### What the task requires
Show every line from the data below that includes "mechanical".

### Records shown

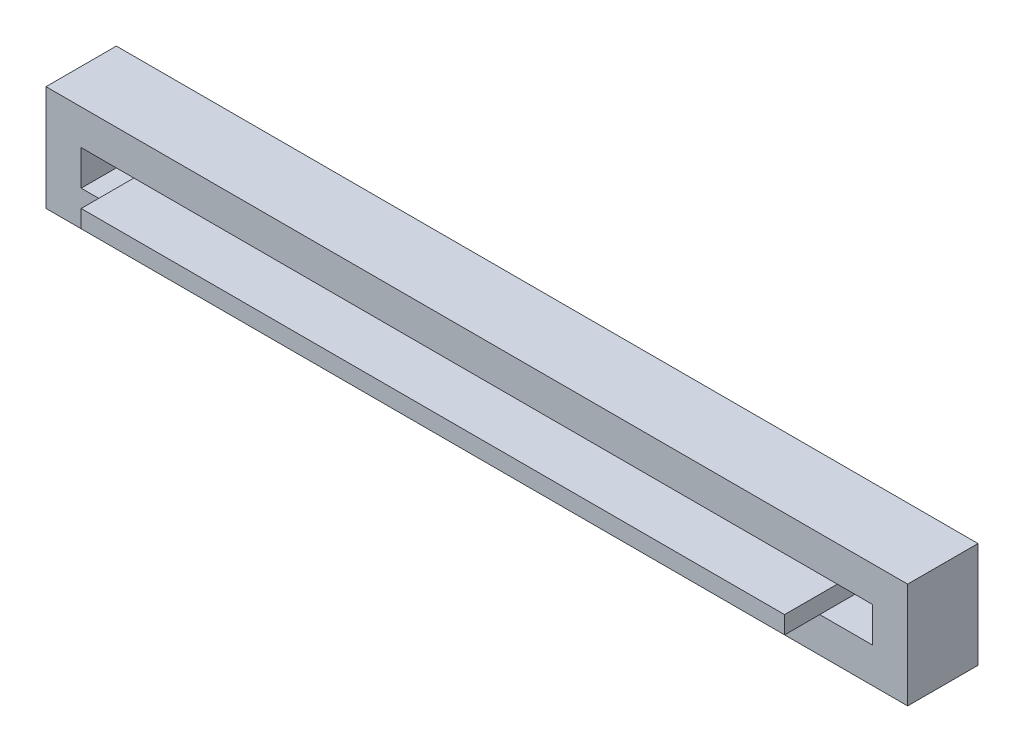
ISO-10303-21;
HEADER;
FILE_DESCRIPTION(('STEP AP214'),'2;1');
FILE_NAME('part.step','',(''),(''),'','','');
FILE_SCHEMA(('AUTOMOTIVE_DESIGN { 1 0 10303 214 1 1 1 1 }'));
ENDSEC;
DATA;
#1=APPLICATION_CONTEXT('core data for automotive mechanical design processes');
#2=APPLICATION_PROTOCOL_DEFINITION('international standard','automotive_design',2000,#1);
#3=PRODUCT_CONTEXT('',#1,'mechanical');
#4=PRODUCT('Part','Part','',(#3));
#5=PRODUCT_RELATED_PRODUCT_CATEGORY('part','',(#4));
#6=PRODUCT_DEFINITION_FORMATION('','',#4);
#7=PRODUCT_DEFINITION_CONTEXT('part definition',#1,'design');
#8=PRODUCT_DEFINITION('design','',#6,#7);
#9=PRODUCT_DEFINITION_SHAPE('','',#8);
#10=(LENGTH_UNIT() NAMED_UNIT(*) SI_UNIT(.MILLI.,.METRE.));
#11=(NAMED_UNIT(*) PLANE_ANGLE_UNIT() SI_UNIT($,.RADIAN.));
#12=(NAMED_UNIT(*) SI_UNIT($,.STERADIAN.) SOLID_ANGLE_UNIT());
#13=UNCERTAINTY_MEASURE_WITH_UNIT(LENGTH_MEASURE(1.E-05),#10,'distance_accuracy_value','');
#14=(GEOMETRIC_REPRESENTATION_CONTEXT(3) GLOBAL_UNCERTAINTY_ASSIGNED_CONTEXT((#13)) GLOBAL_UNIT_ASSIGNED_CONTEXT((#10,
#11,#12)) REPRESENTATION_CONTEXT('',''));
#15=CARTESIAN_POINT('',(0.,0.,0.));
#16=DIRECTION('',(0.,0.,1.));
#17=DIRECTION('',(1.,0.,0.));
#18=AXIS2_PLACEMENT_3D('',#15,#16,#17);
#19=CARTESIAN_POINT('',(0.,0.,2.));
#20=DIRECTION('',(0.,0.,1.));
#21=DIRECTION('',(1.,0.,0.));
#22=AXIS2_PLACEMENT_3D('',#19,#20,#21);
#23=PLANE('',#22);
#24=DIRECTION('',(0.,-1.,0.));
#25=VECTOR('',#24,1.);
#26=CARTESIAN_POINT('',(22.5,0.,2.));
#27=LINE('',#26,#25);
#28=CARTESIAN_POINT('',(22.5,0.999999999999999,2.));
#29=VERTEX_POINT('',#28);
#30=CARTESIAN_POINT('',(22.5,-0.999999999999999,2.));
#31=VERTEX_POINT('',#30);
#32=EDGE_CURVE('E239',#29,#31,#27,.T.);
#33=ORIENTED_EDGE('',*,*,#32,.F.);
#34=DIRECTION('',(1.,0.,0.));
#35=VECTOR('',#34,1.);
#36=CARTESIAN_POINT('',(0.,0.999999999999999,2.));
#37=LINE('',#36,#35);
#38=CARTESIAN_POINT('',(-22.5,0.999999999999999,2.));
#39=VERTEX_POINT('',#38);
#40=EDGE_CURVE('E242',#39,#29,#37,.T.);
#41=ORIENTED_EDGE('',*,*,#40,.F.);
#42=DIRECTION('',(0.,-1.,0.));
#43=VECTOR('',#42,1.);
#44=CARTESIAN_POINT('',(-22.5,0.,2.));
#45=LINE('',#44,#43);
#46=CARTESIAN_POINT('',(-22.5,-0.999999999999999,2.));
#47=VERTEX_POINT('',#46);
#48=EDGE_CURVE('E56',#39,#47,#45,.T.);
#49=ORIENTED_EDGE('',*,*,#48,.T.);
#50=DIRECTION('',(1.,0.,0.));
#51=VECTOR('',#50,1.);
#52=CARTESIAN_POINT('',(0.,-0.999999999999999,2.));
#53=LINE('',#52,#51);
#54=EDGE_CURVE('E11',#47,#31,#53,.T.);
#55=ORIENTED_EDGE('',*,*,#54,.T.);
#56=EDGE_LOOP('',(#33,#41,#49,#55));
#57=FACE_BOUND('',#56,.T.);
#58=DIRECTION('',(-1.,0.,0.));
#59=VECTOR('',#58,1.);
#60=CARTESIAN_POINT('',(-20.,0.5,2.));
#61=LINE('',#60,#59);
#62=CARTESIAN_POINT('',(20.,0.5,2.));
#63=VERTEX_POINT('',#62);
#64=CARTESIAN_POINT('',(-20.,0.5,2.));
#65=VERTEX_POINT('',#64);
#66=EDGE_CURVE('E425',#63,#65,#61,.T.);
#67=ORIENTED_EDGE('',*,*,#66,.F.);
#68=DIRECTION('',(0.,1.,0.));
#69=VECTOR('',#68,1.);
#70=CARTESIAN_POINT('',(20.,0.5,2.));
#71=LINE('',#70,#69);
#72=CARTESIAN_POINT('',(20.,-0.5,2.));
#73=VERTEX_POINT('',#72);
#74=EDGE_CURVE('E162',#73,#63,#71,.T.);
#75=ORIENTED_EDGE('',*,*,#74,.F.);
#76=DIRECTION('',(1.,0.,0.));
#77=VECTOR('',#76,1.);
#78=CARTESIAN_POINT('',(-20.,-0.5,2.));
#79=LINE('',#78,#77);
#80=CARTESIAN_POINT('',(-20.,-0.5,2.));
#81=VERTEX_POINT('',#80);
#82=EDGE_CURVE('E158',#81,#73,#79,.T.);
#83=ORIENTED_EDGE('',*,*,#82,.F.);
#84=DIRECTION('',(0.,-1.,0.));
#85=VECTOR('',#84,1.);
#86=CARTESIAN_POINT('',(-20.,0.5,2.));
#87=LINE('',#86,#85);
#88=EDGE_CURVE('E421',#65,#81,#87,.T.);
#89=ORIENTED_EDGE('',*,*,#88,.F.);
#90=EDGE_LOOP('',(#67,#75,#83,#89));
#91=FACE_BOUND('',#90,.T.);
#92=ADVANCED_FACE('F47',(#57,#91),#23,.T.);
#93=CARTESIAN_POINT('',(0.,0.,4.));
#94=DIRECTION('',(0.,0.,1.));
#95=DIRECTION('',(1.,0.,0.));
#96=AXIS2_PLACEMENT_3D('',#93,#94,#95);
#97=PLANE('',#96);
#98=DIRECTION('',(0.,1.,0.));
#99=VECTOR('',#98,1.);
#100=CARTESIAN_POINT('',(24.5,3.,4.));
#101=LINE('',#100,#99);
#102=CARTESIAN_POINT('',(24.5,-3.,4.));
#103=VERTEX_POINT('',#102);
#104=CARTESIAN_POINT('',(24.5,3.,4.));
#105=VERTEX_POINT('',#104);
#106=EDGE_CURVE('E198',#103,#105,#101,.T.);
#107=ORIENTED_EDGE('',*,*,#106,.T.);
#108=DIRECTION('',(-1.,0.,0.));
#109=VECTOR('',#108,1.);
#110=CARTESIAN_POINT('',(-24.5,3.,4.));
#111=LINE('',#110,#109);
#112=CARTESIAN_POINT('',(-24.5,3.,4.));
#113=VERTEX_POINT('',#112);
#114=EDGE_CURVE('E202',#105,#113,#111,.T.);
#115=ORIENTED_EDGE('',*,*,#114,.T.);
#116=DIRECTION('',(0.,-1.,0.));
#117=VECTOR('',#116,1.);
#118=CARTESIAN_POINT('',(-24.5,3.,4.));
#119=LINE('',#118,#117);
#120=CARTESIAN_POINT('',(-24.5,-3.,4.));
#121=VERTEX_POINT('',#120);
#122=EDGE_CURVE('E206',#113,#121,#119,.T.);
#123=ORIENTED_EDGE('',*,*,#122,.T.);
#124=DIRECTION('',(1.,0.,0.));
#125=VECTOR('',#124,1.);
#126=CARTESIAN_POINT('',(-24.5,-3.,4.));
#127=LINE('',#126,#125);
#128=EDGE_CURVE('E209',#121,#103,#127,.T.);
#129=ORIENTED_EDGE('',*,*,#128,.T.);
#130=EDGE_LOOP('',(#107,#115,#123,#129));
#131=FACE_BOUND('',#130,.T.);
#132=DIRECTION('',(-1.,0.,0.));
#133=VECTOR('',#132,1.);
#134=CARTESIAN_POINT('',(-22.5,0.999999999999999,4.));
#135=LINE('',#134,#133);
#136=CARTESIAN_POINT('',(22.5,0.999999999999999,4.));
#137=VERTEX_POINT('',#136);
#138=CARTESIAN_POINT('',(-22.5,0.999999999999999,4.));
#139=VERTEX_POINT('',#138);
#140=EDGE_CURVE('E169',#137,#139,#135,.T.);
#141=ORIENTED_EDGE('',*,*,#140,.F.);
#142=DIRECTION('',(0.,1.,0.));
#143=VECTOR('',#142,1.);
#144=CARTESIAN_POINT('',(22.5,0.999999999999999,4.));
#145=LINE('',#144,#143);
#146=CARTESIAN_POINT('',(22.5,-0.999999999999999,4.));
#147=VERTEX_POINT('',#146);
#148=EDGE_CURVE('E165',#147,#137,#145,.T.);
#149=ORIENTED_EDGE('',*,*,#148,.F.);
#150=DIRECTION('',(1.,0.,0.));
#151=VECTOR('',#150,1.);
#152=CARTESIAN_POINT('',(-22.5,-0.999999999999999,4.));
#153=LINE('',#152,#151);
#154=CARTESIAN_POINT('',(-22.5,-0.999999999999999,4.));
#155=VERTEX_POINT('',#154);
#156=EDGE_CURVE('E180',#155,#147,#153,.T.);
#157=ORIENTED_EDGE('',*,*,#156,.F.);
#158=DIRECTION('',(0.,-1.,0.));
#159=VECTOR('',#158,1.);
#160=CARTESIAN_POINT('',(-22.5,0.999999999999999,4.));
#161=LINE('',#160,#159);
#162=EDGE_CURVE('E176',#139,#155,#161,.T.);
#163=ORIENTED_EDGE('',*,*,#162,.F.);
#164=EDGE_LOOP('',(#141,#149,#157,#163));
#165=FACE_BOUND('',#164,.T.);
#166=ADVANCED_FACE('F260',(#131,#165),#97,.T.);
#167=CARTESIAN_POINT('',(24.5,3.,4.));
#168=DIRECTION('',(-1.,0.,0.));
#169=DIRECTION('',(0.,0.,1.));
#170=AXIS2_PLACEMENT_3D('',#167,#168,#169);
#171=PLANE('',#170);
#172=DIRECTION('',(0.,1.,0.));
#173=VECTOR('',#172,1.);
#174=CARTESIAN_POINT('',(24.5,3.,0.));
#175=LINE('',#174,#173);
#176=CARTESIAN_POINT('',(24.5,-3.,0.));
#177=VERTEX_POINT('',#176);
#178=CARTESIAN_POINT('',(24.5,3.,0.));
#179=VERTEX_POINT('',#178);
#180=EDGE_CURVE('E197',#177,#179,#175,.T.);
#181=ORIENTED_EDGE('',*,*,#180,.T.);
#182=DIRECTION('',(0.,0.,-1.));
#183=VECTOR('',#182,1.);
#184=CARTESIAN_POINT('',(24.5,3.,4.));
#185=LINE('',#184,#183);
#186=EDGE_CURVE('E235',#105,#179,#185,.T.);
#187=ORIENTED_EDGE('',*,*,#186,.F.);
#188=ORIENTED_EDGE('',*,*,#106,.F.);
#189=DIRECTION('',(0.,0.,-1.));
#190=VECTOR('',#189,1.);
#191=CARTESIAN_POINT('',(24.5,-3.,4.));
#192=LINE('',#191,#190);
#193=EDGE_CURVE('E212',#103,#177,#192,.T.);
#194=ORIENTED_EDGE('',*,*,#193,.T.);
#195=EDGE_LOOP('',(#181,#187,#188,#194));
#196=FACE_BOUND('',#195,.T.);
#197=ADVANCED_FACE('F283',(#196),#171,.F.);
#198=CARTESIAN_POINT('',(-24.5,3.,4.));
#199=DIRECTION('',(0.,-1.,0.));
#200=DIRECTION('',(0.,0.,-1.));
#201=AXIS2_PLACEMENT_3D('',#198,#199,#200);
#202=PLANE('',#201);
#203=DIRECTION('',(-1.,0.,0.));
#204=VECTOR('',#203,1.);
#205=CARTESIAN_POINT('',(-24.5,3.,0.));
#206=LINE('',#205,#204);
#207=CARTESIAN_POINT('',(-24.5,3.,0.));
#208=VERTEX_POINT('',#207);
#209=EDGE_CURVE('E216',#179,#208,#206,.T.);
#210=ORIENTED_EDGE('',*,*,#209,.T.);
#211=DIRECTION('',(0.,0.,-1.));
#212=VECTOR('',#211,1.);
#213=CARTESIAN_POINT('',(-24.5,3.,4.));
#214=LINE('',#213,#212);
#215=EDGE_CURVE('E231',#113,#208,#214,.T.);
#216=ORIENTED_EDGE('',*,*,#215,.F.);
#217=ORIENTED_EDGE('',*,*,#114,.F.);
#218=ORIENTED_EDGE('',*,*,#186,.T.);
#219=EDGE_LOOP('',(#210,#216,#217,#218));
#220=FACE_BOUND('',#219,.T.);
#221=ADVANCED_FACE('F288',(#220),#202,.F.);
#222=CARTESIAN_POINT('',(-24.5,3.,4.));
#223=DIRECTION('',(1.,0.,0.));
#224=DIRECTION('',(0.,0.,-1.));
#225=AXIS2_PLACEMENT_3D('',#222,#223,#224);
#226=PLANE('',#225);
#227=DIRECTION('',(0.,-1.,0.));
#228=VECTOR('',#227,1.);
#229=CARTESIAN_POINT('',(-24.5,3.,0.));
#230=LINE('',#229,#228);
#231=CARTESIAN_POINT('',(-24.5,-3.,0.));
#232=VERTEX_POINT('',#231);
#233=EDGE_CURVE('E219',#208,#232,#230,.T.);
#234=ORIENTED_EDGE('',*,*,#233,.T.);
#235=DIRECTION('',(0.,0.,-1.));
#236=VECTOR('',#235,1.);
#237=CARTESIAN_POINT('',(-24.5,-3.,4.));
#238=LINE('',#237,#236);
#239=EDGE_CURVE('E227',#121,#232,#238,.T.);
#240=ORIENTED_EDGE('',*,*,#239,.F.);
#241=ORIENTED_EDGE('',*,*,#122,.F.);
#242=ORIENTED_EDGE('',*,*,#215,.T.);
#243=EDGE_LOOP('',(#234,#240,#241,#242));
#244=FACE_BOUND('',#243,.T.);
#245=ADVANCED_FACE('F273',(#244),#226,.F.);
#246=CARTESIAN_POINT('',(-24.5,-3.,4.));
#247=DIRECTION('',(0.,1.,0.));
#248=DIRECTION('',(0.,0.,1.));
#249=AXIS2_PLACEMENT_3D('',#246,#247,#248);
#250=PLANE('',#249);
#251=DIRECTION('',(1.,0.,0.));
#252=VECTOR('',#251,1.);
#253=CARTESIAN_POINT('',(-24.5,-3.,0.));
#254=LINE('',#253,#252);
#255=EDGE_CURVE('E203',#232,#177,#254,.T.);
#256=ORIENTED_EDGE('',*,*,#255,.T.);
#257=ORIENTED_EDGE('',*,*,#193,.F.);
#258=ORIENTED_EDGE('',*,*,#128,.F.);
#259=ORIENTED_EDGE('',*,*,#239,.T.);
#260=EDGE_LOOP('',(#256,#257,#258,#259));
#261=FACE_BOUND('',#260,.T.);
#262=ADVANCED_FACE('F266',(#261),#250,.F.);
#263=CARTESIAN_POINT('',(22.5,0.999999999999999,4.));
#264=DIRECTION('',(-1.,0.,0.));
#265=DIRECTION('',(0.,-1.,0.));
#266=AXIS2_PLACEMENT_3D('',#263,#264,#265);
#267=PLANE('',#266);
#268=DIRECTION('',(0.,0.,-1.));
#269=VECTOR('',#268,1.);
#270=CARTESIAN_POINT('',(22.5,0.999999999999999,4.));
#271=LINE('',#270,#269);
#272=EDGE_CURVE('E193',#137,#29,#271,.T.);
#273=ORIENTED_EDGE('',*,*,#272,.T.);
#274=ORIENTED_EDGE('',*,*,#32,.T.);
#275=DIRECTION('',(0.,0.,-1.));
#276=VECTOR('',#275,1.);
#277=CARTESIAN_POINT('',(22.5,-0.999999999999999,4.));
#278=LINE('',#277,#276);
#279=EDGE_CURVE('E71',#147,#31,#278,.T.);
#280=ORIENTED_EDGE('',*,*,#279,.F.);
#281=ORIENTED_EDGE('',*,*,#148,.T.);
#282=EDGE_LOOP('',(#273,#274,#280,#281));
#283=FACE_BOUND('',#282,.T.);
#284=ADVANCED_FACE('F264',(#283),#267,.T.);
#285=CARTESIAN_POINT('',(-22.5,0.999999999999999,4.));
#286=DIRECTION('',(0.,-1.,0.));
#287=DIRECTION('',(0.,0.,-1.));
#288=AXIS2_PLACEMENT_3D('',#285,#286,#287);
#289=PLANE('',#288);
#290=DIRECTION('',(0.,0.,-1.));
#291=VECTOR('',#290,1.);
#292=CARTESIAN_POINT('',(-22.5,0.999999999999999,4.));
#293=LINE('',#292,#291);
#294=EDGE_CURVE('E189',#139,#39,#293,.T.);
#295=ORIENTED_EDGE('',*,*,#294,.T.);
#296=ORIENTED_EDGE('',*,*,#40,.T.);
#297=ORIENTED_EDGE('',*,*,#272,.F.);
#298=ORIENTED_EDGE('',*,*,#140,.T.);
#299=EDGE_LOOP('',(#295,#296,#297,#298));
#300=FACE_BOUND('',#299,.T.);
#301=ADVANCED_FACE('F255',(#300),#289,.T.);
#302=CARTESIAN_POINT('',(-22.5,0.999999999999999,4.));
#303=DIRECTION('',(1.,0.,0.));
#304=DIRECTION('',(0.,0.,-1.));
#305=AXIS2_PLACEMENT_3D('',#302,#303,#304);
#306=PLANE('',#305);
#307=DIRECTION('',(0.,0.,-1.));
#308=VECTOR('',#307,1.);
#309=CARTESIAN_POINT('',(-22.5,-0.999999999999999,4.));
#310=LINE('',#309,#308);
#311=EDGE_CURVE('E185',#155,#47,#310,.T.);
#312=ORIENTED_EDGE('',*,*,#311,.T.);
#313=ORIENTED_EDGE('',*,*,#48,.F.);
#314=ORIENTED_EDGE('',*,*,#294,.F.);
#315=ORIENTED_EDGE('',*,*,#162,.T.);
#316=EDGE_LOOP('',(#312,#313,#314,#315));
#317=FACE_BOUND('',#316,.T.);
#318=ADVANCED_FACE('F252',(#317),#306,.T.);
#319=CARTESIAN_POINT('',(-22.5,-0.999999999999999,4.));
#320=DIRECTION('',(0.,1.,0.));
#321=DIRECTION('',(0.,0.,1.));
#322=AXIS2_PLACEMENT_3D('',#319,#320,#321);
#323=PLANE('',#322);
#324=ORIENTED_EDGE('',*,*,#279,.T.);
#325=ORIENTED_EDGE('',*,*,#54,.F.);
#326=ORIENTED_EDGE('',*,*,#311,.F.);
#327=ORIENTED_EDGE('',*,*,#156,.T.);
#328=EDGE_LOOP('',(#324,#325,#326,#327));
#329=FACE_BOUND('',#328,.T.);
#330=ADVANCED_FACE('F262',(#329),#323,.T.);
#331=CARTESIAN_POINT('',(0.,0.,0.));
#332=DIRECTION('',(0.,0.,1.));
#333=DIRECTION('',(1.,0.,0.));
#334=AXIS2_PLACEMENT_3D('',#331,#332,#333);
#335=PLANE('',#334);
#336=ORIENTED_EDGE('',*,*,#180,.F.);
#337=ORIENTED_EDGE('',*,*,#255,.F.);
#338=ORIENTED_EDGE('',*,*,#233,.F.);
#339=ORIENTED_EDGE('',*,*,#209,.F.);
#340=EDGE_LOOP('',(#336,#337,#338,#339));
#341=FACE_BOUND('',#340,.T.);
#342=ADVANCED_FACE('F49',(#341),#335,.F.);
#343=CARTESIAN_POINT('',(20.,0.5,6.5));
#344=DIRECTION('',(-1.,0.,0.));
#345=DIRECTION('',(0.,0.,1.));
#346=AXIS2_PLACEMENT_3D('',#343,#344,#345);
#347=PLANE('',#346);
#348=ORIENTED_EDGE('',*,*,#74,.T.);
#349=DIRECTION('',(0.,0.,-1.));
#350=VECTOR('',#349,1.);
#351=CARTESIAN_POINT('',(20.,0.5,6.5));
#352=LINE('',#351,#350);
#353=CARTESIAN_POINT('',(20.,0.5,6.5));
#354=VERTEX_POINT('',#353);
#355=EDGE_CURVE('E141',#354,#63,#352,.T.);
#356=ORIENTED_EDGE('',*,*,#355,.F.);
#357=DIRECTION('',(0.,1.,0.));
#358=VECTOR('',#357,1.);
#359=CARTESIAN_POINT('',(20.,0.5,6.5));
#360=LINE('',#359,#358);
#361=CARTESIAN_POINT('',(20.,-0.5,6.5));
#362=VERTEX_POINT('',#361);
#363=EDGE_CURVE('E149',#362,#354,#360,.T.);
#364=ORIENTED_EDGE('',*,*,#363,.F.);
#365=DIRECTION('',(0.,0.,-1.));
#366=VECTOR('',#365,1.);
#367=CARTESIAN_POINT('',(20.,-0.5,6.5));
#368=LINE('',#367,#366);
#369=EDGE_CURVE('E418',#362,#73,#368,.T.);
#370=ORIENTED_EDGE('',*,*,#369,.T.);
#371=EDGE_LOOP('',(#348,#356,#364,#370));
#372=FACE_BOUND('',#371,.T.);
#373=ADVANCED_FACE('F160',(#372),#347,.F.);
#374=CARTESIAN_POINT('',(-20.,0.5,6.5));
#375=DIRECTION('',(0.,-1.,0.));
#376=DIRECTION('',(0.,0.,-1.));
#377=AXIS2_PLACEMENT_3D('',#374,#375,#376);
#378=PLANE('',#377);
#379=ORIENTED_EDGE('',*,*,#66,.T.);
#380=DIRECTION('',(0.,0.,-1.));
#381=VECTOR('',#380,1.);
#382=CARTESIAN_POINT('',(-20.,0.5,6.5));
#383=LINE('',#382,#381);
#384=CARTESIAN_POINT('',(-20.,0.5,6.5));
#385=VERTEX_POINT('',#384);
#386=EDGE_CURVE('E144',#385,#65,#383,.T.);
#387=ORIENTED_EDGE('',*,*,#386,.F.);
#388=DIRECTION('',(-1.,0.,0.));
#389=VECTOR('',#388,1.);
#390=CARTESIAN_POINT('',(-20.,0.5,6.5));
#391=LINE('',#390,#389);
#392=EDGE_CURVE('E137',#354,#385,#391,.T.);
#393=ORIENTED_EDGE('',*,*,#392,.F.);
#394=ORIENTED_EDGE('',*,*,#355,.T.);
#395=EDGE_LOOP('',(#379,#387,#393,#394));
#396=FACE_BOUND('',#395,.T.);
#397=ADVANCED_FACE('F139',(#396),#378,.F.);
#398=CARTESIAN_POINT('',(-20.,0.5,6.5));
#399=DIRECTION('',(1.,0.,0.));
#400=DIRECTION('',(0.,0.,-1.));
#401=AXIS2_PLACEMENT_3D('',#398,#399,#400);
#402=PLANE('',#401);
#403=ORIENTED_EDGE('',*,*,#88,.T.);
#404=DIRECTION('',(0.,0.,-1.));
#405=VECTOR('',#404,1.);
#406=CARTESIAN_POINT('',(-20.,-0.5,6.5));
#407=LINE('',#406,#405);
#408=CARTESIAN_POINT('',(-20.,-0.5,6.5));
#409=VERTEX_POINT('',#408);
#410=EDGE_CURVE('E63',#409,#81,#407,.T.);
#411=ORIENTED_EDGE('',*,*,#410,.F.);
#412=DIRECTION('',(0.,-1.,0.));
#413=VECTOR('',#412,1.);
#414=CARTESIAN_POINT('',(-20.,0.5,6.5));
#415=LINE('',#414,#413);
#416=EDGE_CURVE('E148',#385,#409,#415,.T.);
#417=ORIENTED_EDGE('',*,*,#416,.F.);
#418=ORIENTED_EDGE('',*,*,#386,.T.);
#419=EDGE_LOOP('',(#403,#411,#417,#418));
#420=FACE_BOUND('',#419,.T.);
#421=ADVANCED_FACE('F320',(#420),#402,.F.);
#422=CARTESIAN_POINT('',(-20.,-0.5,6.5));
#423=DIRECTION('',(0.,1.,0.));
#424=DIRECTION('',(0.,0.,1.));
#425=AXIS2_PLACEMENT_3D('',#422,#423,#424);
#426=PLANE('',#425);
#427=ORIENTED_EDGE('',*,*,#82,.T.);
#428=ORIENTED_EDGE('',*,*,#369,.F.);
#429=DIRECTION('',(1.,0.,0.));
#430=VECTOR('',#429,1.);
#431=CARTESIAN_POINT('',(-20.,-0.5,6.5));
#432=LINE('',#431,#430);
#433=EDGE_CURVE('E153',#409,#362,#432,.T.);
#434=ORIENTED_EDGE('',*,*,#433,.F.);
#435=ORIENTED_EDGE('',*,*,#410,.T.);
#436=EDGE_LOOP('',(#427,#428,#434,#435));
#437=FACE_BOUND('',#436,.T.);
#438=ADVANCED_FACE('F323',(#437),#426,.F.);
#439=CARTESIAN_POINT('',(0.,0.,6.5));
#440=DIRECTION('',(0.,0.,1.));
#441=DIRECTION('',(1.,0.,0.));
#442=AXIS2_PLACEMENT_3D('',#439,#440,#441);
#443=PLANE('',#442);
#444=ORIENTED_EDGE('',*,*,#363,.T.);
#445=ORIENTED_EDGE('',*,*,#392,.T.);
#446=ORIENTED_EDGE('',*,*,#416,.T.);
#447=ORIENTED_EDGE('',*,*,#433,.T.);
#448=EDGE_LOOP('',(#444,#445,#446,#447));
#449=FACE_BOUND('',#448,.T.);
#450=ADVANCED_FACE('F152',(#449),#443,.T.);
#451=CLOSED_SHELL('',(#92,#166,#197,#221,#245,#262,#284,#301,#318,#330,#342,#373,#397,#421,#438,#450));
#452=MANIFOLD_SOLID_BREP('B2',#451);
#453=ADVANCED_BREP_SHAPE_REPRESENTATION('',(#18,#452),#14);
#454=SHAPE_DEFINITION_REPRESENTATION(#9,#453);
ENDSEC;
END-ISO-10303-21;

### Written response
#1=APPLICATION_CONTEXT('core data for automotive mechanical design processes');
#3=PRODUCT_CONTEXT('',#1,'mechanical');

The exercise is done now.